In the past, he’d found that giving Remi the least amount of information possible had helped keep her in line. It’s when she knew what dangers lay ahead that she made some of her worst choices.

But Kimber was another story.

“The plan is to stop him before he ever comes near Mackinac, let alone this house,” he told her.

“Judging from the look on your face, it’s not going well,” she guessed.

The song in the studio changed to something with a thrumming beat. It tugged at him, pulling him toward Remi.

“It’s a slower process than I’d like it to be.” It was as much as he was willing to give her.

“Keep me posted,” she told him. “You might be used to dealing with Remi, but unlike her, I only use information for good. I want to know when I need to start worrying.”

He nodded.

It felt wrong to have to keep the people he cared about updated on a threat he hadn’t yet mitigated for them. Like he was failing them. When the stakes were this high, he couldn’t afford not to do things exactly right.

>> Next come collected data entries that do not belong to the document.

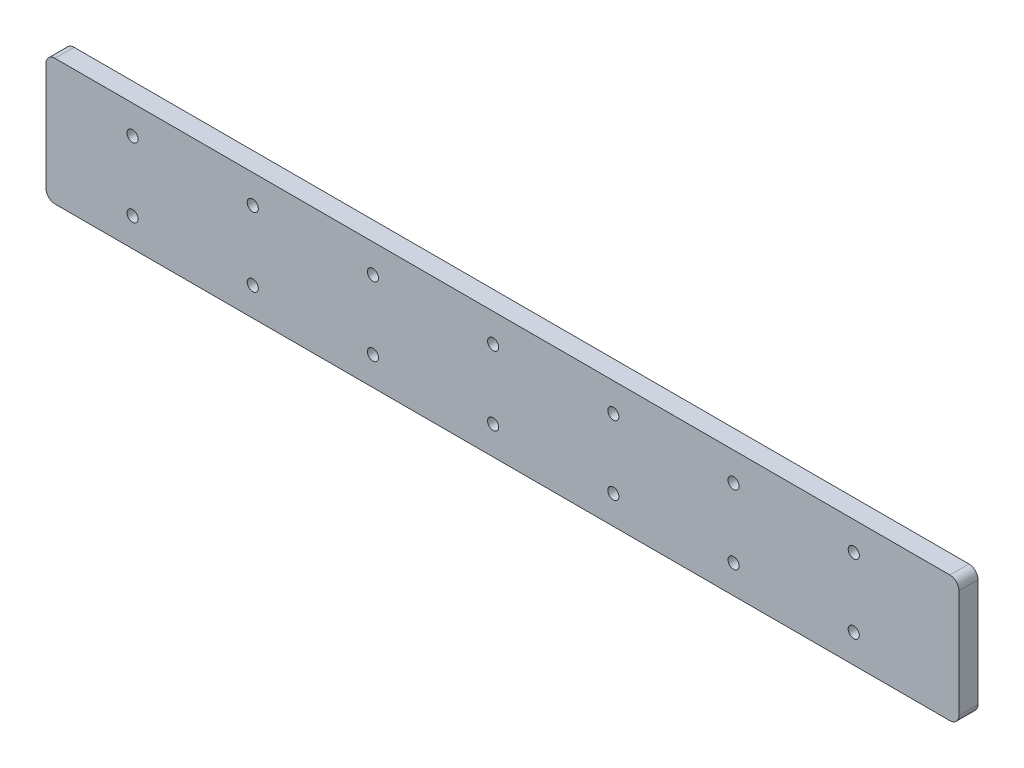
ISO-10303-21;
HEADER;
FILE_DESCRIPTION(('STEP AP214'),'2;1');
FILE_NAME('part.step','',(''),(''),'','','');
FILE_SCHEMA(('AUTOMOTIVE_DESIGN { 1 0 10303 214 1 1 1 1 }'));
ENDSEC;
DATA;
#1=APPLICATION_CONTEXT('core data for automotive mechanical design processes');
#2=APPLICATION_PROTOCOL_DEFINITION('international standard','automotive_design',2000,#1);
#3=PRODUCT_CONTEXT('',#1,'mechanical');
#4=PRODUCT('Part','Part','',(#3));
#5=PRODUCT_RELATED_PRODUCT_CATEGORY('part','',(#4));
#6=PRODUCT_DEFINITION_FORMATION('','',#4);
#7=PRODUCT_DEFINITION_CONTEXT('part definition',#1,'design');
#8=PRODUCT_DEFINITION('design','',#6,#7);
#9=PRODUCT_DEFINITION_SHAPE('','',#8);
#10=(LENGTH_UNIT() NAMED_UNIT(*) SI_UNIT(.MILLI.,.METRE.));
#11=(NAMED_UNIT(*) PLANE_ANGLE_UNIT() SI_UNIT($,.RADIAN.));
#12=(NAMED_UNIT(*) SI_UNIT($,.STERADIAN.) SOLID_ANGLE_UNIT());
#13=UNCERTAINTY_MEASURE_WITH_UNIT(LENGTH_MEASURE(1.E-05),#10,'distance_accuracy_value','');
#14=(GEOMETRIC_REPRESENTATION_CONTEXT(3) GLOBAL_UNCERTAINTY_ASSIGNED_CONTEXT((#13)) GLOBAL_UNIT_ASSIGNED_CONTEXT((#10,
#11,#12)) REPRESENTATION_CONTEXT('',''));
#15=CARTESIAN_POINT('',(0.,0.,0.));
#16=DIRECTION('',(0.,0.,1.));
#17=DIRECTION('',(1.,0.,0.));
#18=AXIS2_PLACEMENT_3D('',#15,#16,#17);
#19=CARTESIAN_POINT('',(0.,0.,6.35));
#20=DIRECTION('',(0.,0.,-1.));
#21=DIRECTION('',(-1.,0.,0.));
#22=AXIS2_PLACEMENT_3D('',#19,#20,#21);
#23=PLANE('',#22);
#24=CARTESIAN_POINT('',(-75.,-11.4999999999994,6.35));
#25=DIRECTION('',(0.,0.,1.));
#26=DIRECTION('',(-1.,0.,0.));
#27=AXIS2_PLACEMENT_3D('',#24,#25,#26);
#28=CIRCLE('',#27,1.84999999999999);
#29=CARTESIAN_POINT('',(-76.85,-11.4999999999994,6.35));
#30=VERTEX_POINT('',#29);
#31=EDGE_CURVE('E241',#30,#30,#28,.T.);
#32=ORIENTED_EDGE('',*,*,#31,.F.);
#33=EDGE_LOOP('',(#32));
#34=FACE_BOUND('',#33,.T.);
#35=CARTESIAN_POINT('',(-155.,-11.4999999999988,6.35));
#36=DIRECTION('',(0.,0.,1.));
#37=DIRECTION('',(-1.,0.,0.));
#38=AXIS2_PLACEMENT_3D('',#35,#36,#37);
#39=CIRCLE('',#38,1.85);
#40=CARTESIAN_POINT('',(-156.85,-11.4999999999988,6.35));
#41=VERTEX_POINT('',#40);
#42=EDGE_CURVE('E229',#41,#41,#39,.T.);
#43=ORIENTED_EDGE('',*,*,#42,.F.);
#44=EDGE_LOOP('',(#43));
#45=FACE_BOUND('',#44,.T.);
#46=CARTESIAN_POINT('',(-235.,-11.4999999999981,6.35));
#47=DIRECTION('',(0.,0.,1.));
#48=DIRECTION('',(-1.,0.,0.));
#49=AXIS2_PLACEMENT_3D('',#46,#47,#48);
#50=CIRCLE('',#49,1.85);
#51=CARTESIAN_POINT('',(-236.85,-11.4999999999981,6.35));
#52=VERTEX_POINT('',#51);
#53=EDGE_CURVE('E217',#52,#52,#50,.T.);
#54=ORIENTED_EDGE('',*,*,#53,.F.);
#55=EDGE_LOOP('',(#54));
#56=FACE_BOUND('',#55,.T.);
#57=CARTESIAN_POINT('',(-235.,11.4999999999983,6.35));
#58=DIRECTION('',(0.,0.,1.));
#59=DIRECTION('',(1.,0.,0.));
#60=AXIS2_PLACEMENT_3D('',#57,#58,#59);
#61=CIRCLE('',#60,1.85);
#62=CARTESIAN_POINT('',(-233.15,11.4999999999983,6.35));
#63=VERTEX_POINT('',#62);
#64=EDGE_CURVE('E205',#63,#63,#61,.T.);
#65=ORIENTED_EDGE('',*,*,#64,.F.);
#66=EDGE_LOOP('',(#65));
#67=FACE_BOUND('',#66,.T.);
#68=CARTESIAN_POINT('',(-155.,11.4999999999989,6.35));
#69=DIRECTION('',(0.,0.,1.));
#70=DIRECTION('',(1.,0.,0.));
#71=AXIS2_PLACEMENT_3D('',#68,#69,#70);
#72=CIRCLE('',#71,1.85);
#73=CARTESIAN_POINT('',(-153.15,11.4999999999989,6.35));
#74=VERTEX_POINT('',#73);
#75=EDGE_CURVE('E193',#74,#74,#72,.T.);
#76=ORIENTED_EDGE('',*,*,#75,.F.);
#77=EDGE_LOOP('',(#76));
#78=FACE_BOUND('',#77,.T.);
#79=CARTESIAN_POINT('',(-75.,11.4999999999994,6.35));
#80=DIRECTION('',(0.,0.,1.));
#81=DIRECTION('',(1.,0.,0.));
#82=AXIS2_PLACEMENT_3D('',#79,#80,#81);
#83=CIRCLE('',#82,1.84999999999999);
#84=CARTESIAN_POINT('',(-73.15,11.4999999999994,6.35));
#85=VERTEX_POINT('',#84);
#86=EDGE_CURVE('E181',#85,#85,#83,.T.);
#87=ORIENTED_EDGE('',*,*,#86,.F.);
#88=EDGE_LOOP('',(#87));
#89=FACE_BOUND('',#88,.T.);
#90=CARTESIAN_POINT('',(-275.,-11.4999999999978,6.35));
#91=DIRECTION('',(0.,0.,1.));
#92=DIRECTION('',(-1.,0.,0.));
#93=AXIS2_PLACEMENT_3D('',#90,#91,#92);
#94=CIRCLE('',#93,1.84999999999998);
#95=CARTESIAN_POINT('',(-276.85,-11.4999999999978,6.35));
#96=VERTEX_POINT('',#95);
#97=EDGE_CURVE('E164',#96,#96,#94,.T.);
#98=ORIENTED_EDGE('',*,*,#97,.F.);
#99=EDGE_LOOP('',(#98));
#100=FACE_BOUND('',#99,.T.);
#101=DIRECTION('',(0.,-1.,0.));
#102=VECTOR('',#101,1.);
#103=CARTESIAN_POINT('',(-303.8,21.,6.35));
#104=LINE('',#103,#102);
#105=CARTESIAN_POINT('',(-303.8,18.,6.35));
#106=VERTEX_POINT('',#105);
#107=CARTESIAN_POINT('',(-303.8,-18.,6.35));
#108=VERTEX_POINT('',#107);
#109=EDGE_CURVE('E171',#106,#108,#104,.T.);
#110=ORIENTED_EDGE('',*,*,#109,.T.);
#111=CARTESIAN_POINT('',(-300.8,-18.,6.35));
#112=DIRECTION('',(0.,0.,-1.));
#113=DIRECTION('',(-1.,0.,0.));
#114=AXIS2_PLACEMENT_3D('',#111,#112,#113);
#115=CIRCLE('',#114,3.);
#116=CARTESIAN_POINT('',(-300.8,-21.,6.35));
#117=VERTEX_POINT('',#116);
#118=EDGE_CURVE('E148',#108,#117,#115,.F.);
#119=ORIENTED_EDGE('',*,*,#118,.T.);
#120=DIRECTION('',(1.,0.,0.));
#121=VECTOR('',#120,1.);
#122=CARTESIAN_POINT('',(0.,-21.,6.35));
#123=LINE('',#122,#121);
#124=CARTESIAN_POINT('',(-2.99999999999999,-21.,6.35));
#125=VERTEX_POINT('',#124);
#126=EDGE_CURVE('E119',#117,#125,#123,.T.);
#127=ORIENTED_EDGE('',*,*,#126,.T.);
#128=CARTESIAN_POINT('',(-2.99999999999999,-18.,6.35));
#129=DIRECTION('',(0.,0.,-1.));
#130=DIRECTION('',(-1.,0.,0.));
#131=AXIS2_PLACEMENT_3D('',#128,#129,#130);
#132=CIRCLE('',#131,3.);
#133=CARTESIAN_POINT('',(0.,-18.,6.35));
#134=VERTEX_POINT('',#133);
#135=EDGE_CURVE('E146',#125,#134,#132,.F.);
#136=ORIENTED_EDGE('',*,*,#135,.T.);
#137=DIRECTION('',(0.,1.,0.));
#138=VECTOR('',#137,1.);
#139=CARTESIAN_POINT('',(0.,21.,6.35));
#140=LINE('',#139,#138);
#141=CARTESIAN_POINT('',(0.,18.,6.35));
#142=VERTEX_POINT('',#141);
#143=EDGE_CURVE('E126',#134,#142,#140,.T.);
#144=ORIENTED_EDGE('',*,*,#143,.T.);
#145=CARTESIAN_POINT('',(-2.99999999999999,18.,6.35));
#146=DIRECTION('',(0.,0.,-1.));
#147=DIRECTION('',(-1.,0.,0.));
#148=AXIS2_PLACEMENT_3D('',#145,#146,#147);
#149=CIRCLE('',#148,3.);
#150=CARTESIAN_POINT('',(-2.99999999999999,21.,6.35));
#151=VERTEX_POINT('',#150);
#152=EDGE_CURVE('E54',#142,#151,#149,.F.);
#153=ORIENTED_EDGE('',*,*,#152,.T.);
#154=DIRECTION('',(-1.,0.,0.));
#155=VECTOR('',#154,1.);
#156=CARTESIAN_POINT('',(0.,21.,6.35));
#157=LINE('',#156,#155);
#158=CARTESIAN_POINT('',(-300.8,21.,6.35));
#159=VERTEX_POINT('',#158);
#160=EDGE_CURVE('E129',#151,#159,#157,.T.);
#161=ORIENTED_EDGE('',*,*,#160,.T.);
#162=CARTESIAN_POINT('',(-300.8,18.,6.35));
#163=DIRECTION('',(0.,0.,-1.));
#164=DIRECTION('',(-1.,0.,0.));
#165=AXIS2_PLACEMENT_3D('',#162,#163,#164);
#166=CIRCLE('',#165,3.);
#167=EDGE_CURVE('E143',#159,#106,#166,.F.);
#168=ORIENTED_EDGE('',*,*,#167,.T.);
#169=EDGE_LOOP('',(#110,#119,#127,#136,#144,#153,#161,#168));
#170=FACE_BOUND('',#169,.T.);
#171=CARTESIAN_POINT('',(-35.,11.4999999999997,6.35));
#172=DIRECTION('',(0.,0.,1.));
#173=DIRECTION('',(1.,0.,0.));
#174=AXIS2_PLACEMENT_3D('',#171,#172,#173);
#175=CIRCLE('',#174,1.85);
#176=CARTESIAN_POINT('',(-33.15,11.4999999999997,6.35));
#177=VERTEX_POINT('',#176);
#178=EDGE_CURVE('E176',#177,#177,#175,.T.);
#179=ORIENTED_EDGE('',*,*,#178,.F.);
#180=EDGE_LOOP('',(#179));
#181=FACE_BOUND('',#180,.T.);
#182=CARTESIAN_POINT('',(-115.,11.4999999999992,6.35));
#183=DIRECTION('',(0.,0.,1.));
#184=DIRECTION('',(1.,0.,0.));
#185=AXIS2_PLACEMENT_3D('',#182,#183,#184);
#186=CIRCLE('',#185,1.84999999999999);
#187=CARTESIAN_POINT('',(-113.15,11.4999999999992,6.35));
#188=VERTEX_POINT('',#187);
#189=EDGE_CURVE('E187',#188,#188,#186,.T.);
#190=ORIENTED_EDGE('',*,*,#189,.F.);
#191=EDGE_LOOP('',(#190));
#192=FACE_BOUND('',#191,.T.);
#193=CARTESIAN_POINT('',(-195.,11.4999999999986,6.35));
#194=DIRECTION('',(0.,0.,1.));
#195=DIRECTION('',(1.,0.,0.));
#196=AXIS2_PLACEMENT_3D('',#193,#194,#195);
#197=CIRCLE('',#196,1.85);
#198=CARTESIAN_POINT('',(-193.15,11.4999999999986,6.35));
#199=VERTEX_POINT('',#198);
#200=EDGE_CURVE('E199',#199,#199,#197,.T.);
#201=ORIENTED_EDGE('',*,*,#200,.F.);
#202=EDGE_LOOP('',(#201));
#203=FACE_BOUND('',#202,.T.);
#204=CARTESIAN_POINT('',(-275.,11.499999999998,6.35));
#205=DIRECTION('',(0.,0.,1.));
#206=DIRECTION('',(1.,0.,0.));
#207=AXIS2_PLACEMENT_3D('',#204,#205,#206);
#208=CIRCLE('',#207,1.84999999999998);
#209=CARTESIAN_POINT('',(-273.15,11.499999999998,6.35));
#210=VERTEX_POINT('',#209);
#211=EDGE_CURVE('E211',#210,#210,#208,.T.);
#212=ORIENTED_EDGE('',*,*,#211,.F.);
#213=EDGE_LOOP('',(#212));
#214=FACE_BOUND('',#213,.T.);
#215=CARTESIAN_POINT('',(-195.,-11.4999999999985,6.35));
#216=DIRECTION('',(0.,0.,1.));
#217=DIRECTION('',(-1.,0.,0.));
#218=AXIS2_PLACEMENT_3D('',#215,#216,#217);
#219=CIRCLE('',#218,1.85);
#220=CARTESIAN_POINT('',(-196.85,-11.4999999999985,6.35));
#221=VERTEX_POINT('',#220);
#222=EDGE_CURVE('E223',#221,#221,#219,.T.);
#223=ORIENTED_EDGE('',*,*,#222,.F.);
#224=EDGE_LOOP('',(#223));
#225=FACE_BOUND('',#224,.T.);
#226=CARTESIAN_POINT('',(-115.,-11.4999999999991,6.35));
#227=DIRECTION('',(0.,0.,1.));
#228=DIRECTION('',(-1.,0.,0.));
#229=AXIS2_PLACEMENT_3D('',#226,#227,#228);
#230=CIRCLE('',#229,1.84999999999999);
#231=CARTESIAN_POINT('',(-116.85,-11.4999999999991,6.35));
#232=VERTEX_POINT('',#231);
#233=EDGE_CURVE('E235',#232,#232,#230,.T.);
#234=ORIENTED_EDGE('',*,*,#233,.F.);
#235=EDGE_LOOP('',(#234));
#236=FACE_BOUND('',#235,.T.);
#237=CARTESIAN_POINT('',(-35.,-11.4999999999997,6.35));
#238=DIRECTION('',(0.,0.,1.));
#239=DIRECTION('',(-1.,0.,0.));
#240=AXIS2_PLACEMENT_3D('',#237,#238,#239);
#241=CIRCLE('',#240,1.85);
#242=CARTESIAN_POINT('',(-36.85,-11.4999999999997,6.35));
#243=VERTEX_POINT('',#242);
#244=EDGE_CURVE('E247',#243,#243,#241,.T.);
#245=ORIENTED_EDGE('',*,*,#244,.F.);
#246=EDGE_LOOP('',(#245));
#247=FACE_BOUND('',#246,.T.);
#248=ADVANCED_FACE('F33',(#34,#45,#56,#67,#78,#89,#100,#170,#181,#192,#203,#214,#225,#236,#247),
#23,.F.);
#249=CARTESIAN_POINT('',(0.,0.,0.));
#250=DIRECTION('',(0.,0.,-1.));
#251=DIRECTION('',(-1.,0.,0.));
#252=AXIS2_PLACEMENT_3D('',#249,#250,#251);
#253=PLANE('',#252);
#254=CARTESIAN_POINT('',(-75.,-11.4999999999994,0.));
#255=DIRECTION('',(0.,0.,1.));
#256=DIRECTION('',(-1.,0.,0.));
#257=AXIS2_PLACEMENT_3D('',#254,#255,#256);
#258=CIRCLE('',#257,1.84999999999999);
#259=CARTESIAN_POINT('',(-76.85,-11.4999999999994,0.));
#260=VERTEX_POINT('',#259);
#261=EDGE_CURVE('E244',#260,#260,#258,.T.);
#262=ORIENTED_EDGE('',*,*,#261,.T.);
#263=EDGE_LOOP('',(#262));
#264=FACE_BOUND('',#263,.T.);
#265=CARTESIAN_POINT('',(-155.,-11.4999999999988,0.));
#266=DIRECTION('',(0.,0.,1.));
#267=DIRECTION('',(-1.,0.,0.));
#268=AXIS2_PLACEMENT_3D('',#265,#266,#267);
#269=CIRCLE('',#268,1.85);
#270=CARTESIAN_POINT('',(-156.85,-11.4999999999988,0.));
#271=VERTEX_POINT('',#270);
#272=EDGE_CURVE('E232',#271,#271,#269,.T.);
#273=ORIENTED_EDGE('',*,*,#272,.T.);
#274=EDGE_LOOP('',(#273));
#275=FACE_BOUND('',#274,.T.);
#276=CARTESIAN_POINT('',(-235.,-11.4999999999981,0.));
#277=DIRECTION('',(0.,0.,1.));
#278=DIRECTION('',(-1.,0.,0.));
#279=AXIS2_PLACEMENT_3D('',#276,#277,#278);
#280=CIRCLE('',#279,1.85);
#281=CARTESIAN_POINT('',(-236.85,-11.4999999999981,0.));
#282=VERTEX_POINT('',#281);
#283=EDGE_CURVE('E220',#282,#282,#280,.T.);
#284=ORIENTED_EDGE('',*,*,#283,.T.);
#285=EDGE_LOOP('',(#284));
#286=FACE_BOUND('',#285,.T.);
#287=CARTESIAN_POINT('',(-235.,11.4999999999983,0.));
#288=DIRECTION('',(0.,0.,1.));
#289=DIRECTION('',(1.,0.,0.));
#290=AXIS2_PLACEMENT_3D('',#287,#288,#289);
#291=CIRCLE('',#290,1.85);
#292=CARTESIAN_POINT('',(-233.15,11.4999999999983,0.));
#293=VERTEX_POINT('',#292);
#294=EDGE_CURVE('E208',#293,#293,#291,.T.);
#295=ORIENTED_EDGE('',*,*,#294,.T.);
#296=EDGE_LOOP('',(#295));
#297=FACE_BOUND('',#296,.T.);
#298=CARTESIAN_POINT('',(-155.,11.4999999999989,0.));
#299=DIRECTION('',(0.,0.,1.));
#300=DIRECTION('',(1.,0.,0.));
#301=AXIS2_PLACEMENT_3D('',#298,#299,#300);
#302=CIRCLE('',#301,1.85);
#303=CARTESIAN_POINT('',(-153.15,11.4999999999989,0.));
#304=VERTEX_POINT('',#303);
#305=EDGE_CURVE('E196',#304,#304,#302,.T.);
#306=ORIENTED_EDGE('',*,*,#305,.T.);
#307=EDGE_LOOP('',(#306));
#308=FACE_BOUND('',#307,.T.);
#309=CARTESIAN_POINT('',(-75.,11.4999999999994,0.));
#310=DIRECTION('',(0.,0.,1.));
#311=DIRECTION('',(1.,0.,0.));
#312=AXIS2_PLACEMENT_3D('',#309,#310,#311);
#313=CIRCLE('',#312,1.84999999999999);
#314=CARTESIAN_POINT('',(-73.15,11.4999999999994,0.));
#315=VERTEX_POINT('',#314);
#316=EDGE_CURVE('E184',#315,#315,#313,.T.);
#317=ORIENTED_EDGE('',*,*,#316,.T.);
#318=EDGE_LOOP('',(#317));
#319=FACE_BOUND('',#318,.T.);
#320=CARTESIAN_POINT('',(-275.,-11.4999999999978,0.));
#321=DIRECTION('',(0.,0.,1.));
#322=DIRECTION('',(-1.,0.,0.));
#323=AXIS2_PLACEMENT_3D('',#320,#321,#322);
#324=CIRCLE('',#323,1.84999999999998);
#325=CARTESIAN_POINT('',(-276.85,-11.4999999999978,0.));
#326=VERTEX_POINT('',#325);
#327=EDGE_CURVE('E167',#326,#326,#324,.T.);
#328=ORIENTED_EDGE('',*,*,#327,.T.);
#329=EDGE_LOOP('',(#328));
#330=FACE_BOUND('',#329,.T.);
#331=DIRECTION('',(1.,0.,0.));
#332=VECTOR('',#331,1.);
#333=CARTESIAN_POINT('',(0.,-21.,0.));
#334=LINE('',#333,#332);
#335=CARTESIAN_POINT('',(-300.8,-21.,0.));
#336=VERTEX_POINT('',#335);
#337=CARTESIAN_POINT('',(-2.99999999999999,-21.,0.));
#338=VERTEX_POINT('',#337);
#339=EDGE_CURVE('E116',#336,#338,#334,.T.);
#340=ORIENTED_EDGE('',*,*,#339,.F.);
#341=CARTESIAN_POINT('',(-300.8,-18.,0.));
#342=DIRECTION('',(0.,0.,-1.));
#343=DIRECTION('',(-1.,0.,0.));
#344=AXIS2_PLACEMENT_3D('',#341,#342,#343);
#345=CIRCLE('',#344,3.);
#346=CARTESIAN_POINT('',(-303.8,-18.,0.));
#347=VERTEX_POINT('',#346);
#348=EDGE_CURVE('E99',#336,#347,#345,.T.);
#349=ORIENTED_EDGE('',*,*,#348,.T.);
#350=DIRECTION('',(0.,-1.,0.));
#351=VECTOR('',#350,1.);
#352=CARTESIAN_POINT('',(-303.8,21.,0.));
#353=LINE('',#352,#351);
#354=CARTESIAN_POINT('',(-303.8,18.,0.));
#355=VERTEX_POINT('',#354);
#356=EDGE_CURVE('E127',#355,#347,#353,.T.);
#357=ORIENTED_EDGE('',*,*,#356,.F.);
#358=CARTESIAN_POINT('',(-300.8,18.,0.));
#359=DIRECTION('',(0.,0.,-1.));
#360=DIRECTION('',(-1.,0.,0.));
#361=AXIS2_PLACEMENT_3D('',#358,#359,#360);
#362=CIRCLE('',#361,3.);
#363=CARTESIAN_POINT('',(-300.8,21.,0.));
#364=VERTEX_POINT('',#363);
#365=EDGE_CURVE('E120',#355,#364,#362,.T.);
#366=ORIENTED_EDGE('',*,*,#365,.T.);
#367=DIRECTION('',(-1.,0.,0.));
#368=VECTOR('',#367,1.);
#369=CARTESIAN_POINT('',(0.,21.,0.));
#370=LINE('',#369,#368);
#371=CARTESIAN_POINT('',(-2.99999999999999,21.,0.));
#372=VERTEX_POINT('',#371);
#373=EDGE_CURVE('E131',#372,#364,#370,.T.);
#374=ORIENTED_EDGE('',*,*,#373,.F.);
#375=CARTESIAN_POINT('',(-2.99999999999999,18.,0.));
#376=DIRECTION('',(0.,0.,-1.));
#377=DIRECTION('',(-1.,0.,0.));
#378=AXIS2_PLACEMENT_3D('',#375,#376,#377);
#379=CIRCLE('',#378,3.);
#380=CARTESIAN_POINT('',(0.,18.,0.));
#381=VERTEX_POINT('',#380);
#382=EDGE_CURVE('E137',#372,#381,#379,.T.);
#383=ORIENTED_EDGE('',*,*,#382,.T.);
#384=DIRECTION('',(0.,1.,0.));
#385=VECTOR('',#384,1.);
#386=CARTESIAN_POINT('',(0.,21.,0.));
#387=LINE('',#386,#385);
#388=CARTESIAN_POINT('',(0.,-18.,0.));
#389=VERTEX_POINT('',#388);
#390=EDGE_CURVE('E159',#389,#381,#387,.T.);
#391=ORIENTED_EDGE('',*,*,#390,.F.);
#392=CARTESIAN_POINT('',(-2.99999999999999,-18.,0.));
#393=DIRECTION('',(0.,0.,-1.));
#394=DIRECTION('',(-1.,0.,0.));
#395=AXIS2_PLACEMENT_3D('',#392,#393,#394);
#396=CIRCLE('',#395,3.);
#397=EDGE_CURVE('E110',#389,#338,#396,.T.);
#398=ORIENTED_EDGE('',*,*,#397,.T.);
#399=EDGE_LOOP('',(#340,#349,#357,#366,#374,#383,#391,#398));
#400=FACE_BOUND('',#399,.T.);
#401=CARTESIAN_POINT('',(-35.,11.4999999999997,0.));
#402=DIRECTION('',(0.,0.,1.));
#403=DIRECTION('',(1.,0.,0.));
#404=AXIS2_PLACEMENT_3D('',#401,#402,#403);
#405=CIRCLE('',#404,1.85);
#406=CARTESIAN_POINT('',(-33.15,11.4999999999997,0.));
#407=VERTEX_POINT('',#406);
#408=EDGE_CURVE('E178',#407,#407,#405,.T.);
#409=ORIENTED_EDGE('',*,*,#408,.T.);
#410=EDGE_LOOP('',(#409));
#411=FACE_BOUND('',#410,.T.);
#412=CARTESIAN_POINT('',(-115.,11.4999999999992,0.));
#413=DIRECTION('',(0.,0.,1.));
#414=DIRECTION('',(1.,0.,0.));
#415=AXIS2_PLACEMENT_3D('',#412,#413,#414);
#416=CIRCLE('',#415,1.84999999999999);
#417=CARTESIAN_POINT('',(-113.15,11.4999999999992,0.));
#418=VERTEX_POINT('',#417);
#419=EDGE_CURVE('E190',#418,#418,#416,.T.);
#420=ORIENTED_EDGE('',*,*,#419,.T.);
#421=EDGE_LOOP('',(#420));
#422=FACE_BOUND('',#421,.T.);
#423=CARTESIAN_POINT('',(-195.,11.4999999999986,0.));
#424=DIRECTION('',(0.,0.,1.));
#425=DIRECTION('',(1.,0.,0.));
#426=AXIS2_PLACEMENT_3D('',#423,#424,#425);
#427=CIRCLE('',#426,1.85);
#428=CARTESIAN_POINT('',(-193.15,11.4999999999986,0.));
#429=VERTEX_POINT('',#428);
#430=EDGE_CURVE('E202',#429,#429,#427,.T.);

“That’s all I ask,” Kimber said. She picked up her reading glasses and, with a wink, turned her attention back to her laptop.

Dismissed, Brick headed in the direction of the music and Remi.

He wanted to see her in his house, covered in flecks of paint, grinning or glaring at whatever world she was bringing to life.

The doorbell halted him in his tracks.

“Are you expecting someone?” Kimber asked, popping out of the living room.

It was the world they were suddenly thrust into when doorbells signified surprises, and surprises could be deadly.

“No,” he said, striding for the front of the house. “Maybe you should go wait in the studio?”

“I’ll stay with you,” Kimber decided.

There was more Remi in her than Kimber realized.